“Chapter Twelve: Anatomy of a Murder” Plot Summary:
The gang puts aside their differences to solve the mystery of Jason’s (Trevor Stines) murder once and for all before Jughead’s (Cole Sprouse) dad, FP (Skeet Ulrich), takes the fall for it.
For the past 11 episodes, Riverdale has ostensibly centered itself around the mystery of Jason Blossom’s murder. It almost immediately branched out into the lives and drama of its teenage characters, and the mystery plot has faded into the background on multiple occasions, but it remains the catalyzing event for the show and a driver of much of the plot. Now, finally, the murderer has been revealed. It’s the moment that has historically been cited as the onset of Twin Peaks‘ decline, so it’s an open question whether this show will have a more graceful transition into new territory. But that’s a question for later episodes. For now, we need only consider how well the revelation was handled.
If any episode of this show can be described as a roller coaster, it’s this one. Suddenly finding themselves with a strict deadline on their often-meandering murder investigation, the gang rush from place to place frantically attempting to put the pieces together before FP is condemned. The result is a rapid string of emotional scenes, heated confrontations, and dramatic reveals that make the normally fast-paced show feel even more packed than usual. What’s more, the material contained within each scene is among the show’s best efforts yet.
Jughead’s quietly disappointing call with his mother, as he’s abandoned by yet another parent, is heartbreaking. Then the scene where the kids try to convince their parents that they need to prove FP’s innocence provides the starkest demonstration yet of the divide between the driven youths and their worrying, protective parents. The reveal that Betty’s (Lili Reinhart) family, the Coopers, are really a forgotten branch of the Blossoms explains everything that was still odd or inconsistent about her father, while the resulting confrontation as the Coopers demand Polly (Tiera Skovbye) back gives Betty a moment to really show her spine standing up to the threatening Penelope Blossom (Nathalie Boltt) (though, creepy as their enthusiasm for incest may be, I really have to agree with the Blossoms that third cousins getting together isn’t that big a deal). And when the gang watches the video that reveals everything, the show handles it beautifully. We’re kept in suspense as our first run through the scene refuses to show a second of the actual footage; instead, we see only the shocked and horrified reactions of our main characters. It serves as far more of a gut punch than simply showing the video would have been, and combined with Cheryl’s predictably melodramatic method of calling out the murderer, makes for a very memorable reveal.

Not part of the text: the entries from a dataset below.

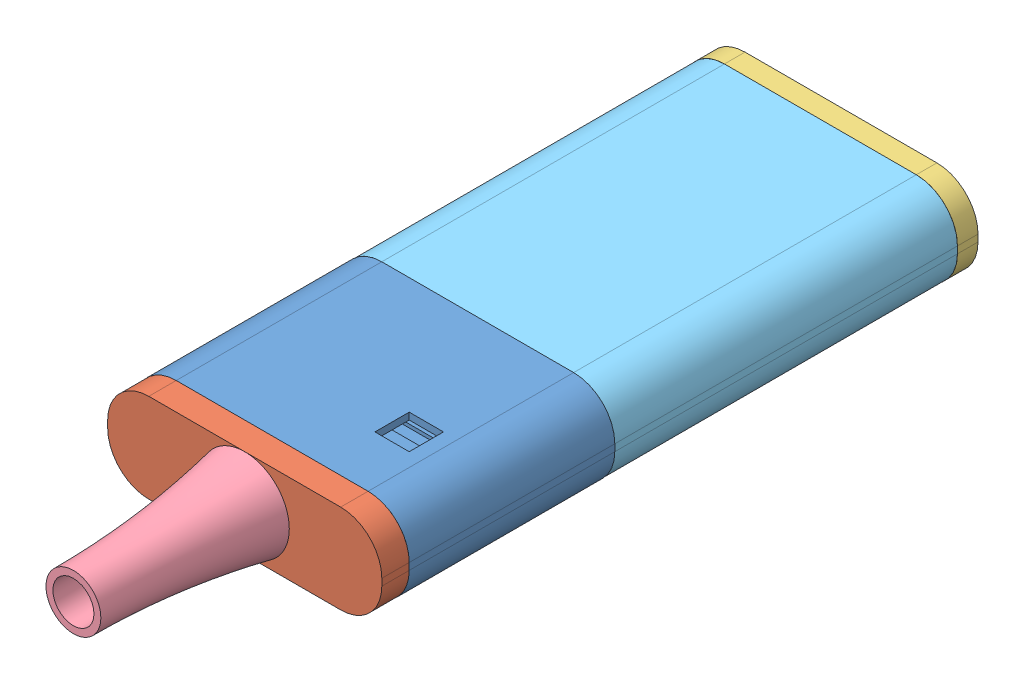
SolidWorks assembly stylet.SLDASM, configuration Défaut (file format 9000). Lengths in mm.
Overall size (40 13 112).
5 component instances, 5 part files, 9 mates.
Components (placement in the parent):
- tube-1: tube.SLDPRT [Défaut] at (25.438 -5.2604 50) size (40 13 30)
- devant-1: devant.SLDPRT [Défaut] at (24.2835 -6.2604 80) size (40 13 4)
- fond-1: fond.SLDPRT [Défaut] at (28.5168 -6.2604 -3) size (40 13 3)
- led-1: led.SLDPRT [Défaut] at (-5.68 3.2396 90.6289) x (0 0 -1) z (1 0 0) size (25 13 13)
- trou-1: trou.SLDPRT [Défaut] at (4.136 -5.2604 0) size (40 13 50)
Mates (geometry in assembly coordinates):
- Coïncidente2: coincident aligned: line of tube-1 through (8.32 6.7396 80) axis (-1 0 0); line of devant-1 through (8.32 6.7396 80) axis (-1 0 0)
- Coïncidente3: coincident aligned: line of tube-1 through (14.32 -0.2604 80) axis (0 1 0); line of devant-1 through (14.32 -0.2604 80) axis (0 1 0)
- Coïncidente8: coincident anti-aligned: plane of tube-1 through (-19.68 -0.2604 50) normal (0 0 -1); plane of trou-1 through (-19.68 -0.2604 50) normal (0 0 1)
- Coïncidente9: coincident aligned: line of tube-1 through (8.32 6.7396 50) axis (-1 0 0); line of trou-1 through (8.32 6.7396 50) axis (-1 0 0)
- Coïncidente10: coincident aligned: line of tube-1 through (-25.68 0.7396 50) axis (0 -1 0); line of trou-1 through (-25.68 0.7396 50) axis (0 -1 0)
- Coaxiale2: concentric aligned: circle of devant-1; circle of led-1
- Coïncidente7: coincident anti-aligned: plane of devant-1 through (-19.68 -0.2604 84) normal (0 0 1); plane of led-1 through (-5.68 3.2396 84) normal (0 0 -1)
- Coïncidente11: coincident aligned: line of fond-1 through (28 8.32 6.7396) axis (0 -1 0); line of trou-1 through (28 8.32 6.7396) axis (0 -1 0)
- Coïncidente20: coincident aligned: line of fond-1 through (1 -25.68 0.7396) axis (0 0 -1); line of trou-1 through (1 -25.68 0.7396) axis (0 0 -1)

But for all that the journey there successfully builds up a frantic pace that keeps us excited while filling the time with great material, the question of whether the actual answer is dramatically satisfying. And to be honest, it’s really not. For one thing, Clifford Blossom (Barclay Hope), the shady and sinister father who has demonstrated his cruelty and callousness towards his own children several times over, is a pretty obvious choice. But more to the point, he’s a character we don’t particularly care about one way or the other. His exit from the show, dramatic though the reveal of his suicide may be, doesn’t really close that many doors because he simply wasn’t someone we were invested in as an audience. A less obvious choice, one who had been more important to the show than an evil caricature on the fringes, would have done a lot more to shake things up going into the second season.
It’s not just who the murderer is that disappoints somewhat, but how he’s discovered. Betty, Jughead, Archie (KJ Apa), and Veronica (Camila Mendes) have all, at various points, been working to discover the identity of the killer. They’ve all uncovered clues and scraps of information that cleared things up a little and built their understanding of what happened. Yet in the end, none of that mattered. They discover the killer because FP happened to film evidence of the crime, a fact they only discover because Joaquin (Rob Raco) tells them exactly where it’s hidden (there’s a bit of detective work in finding the flash drive in Jason’s jacket, but that’s hardly 11 episodes worth of sleuthing). In the end, literally nothing they did had any bearing on the result besides Kevin (Casey Cott) getting together with Joaquin, which makes things feel a lot more slapdash than they did until now. The emotional journey of the episode may have been a well-executed roller coaster, but the same cannot be said for the arc of the mystery.
Still, the mystery plot, while important, has never really been what makes Riverdale great. The fun dialogue, the absurd melodrama, the angst and anguish over teenage nonsense: these are the things that make the show so fun and entertaining. If the mystery of Jason’s murder has turned out to be disappointing and ill-constructed, it doesn’t destroy the foundation on which Riverdale was built. It would have been preferable that every part turned out great, but this is a loss the show can bear. Besides, now that the mystery is over, we can move on to other pastures. The fallout from all this, from the revelation of the Blossoms’ corrupt business practices to FP’s continued imprisonment for his role in covering up the murder to the conflict and horror Veronica feels at her father’s impending return, there’s plenty left for the show to mine. It just would have been nice if it stuck the landing a little better.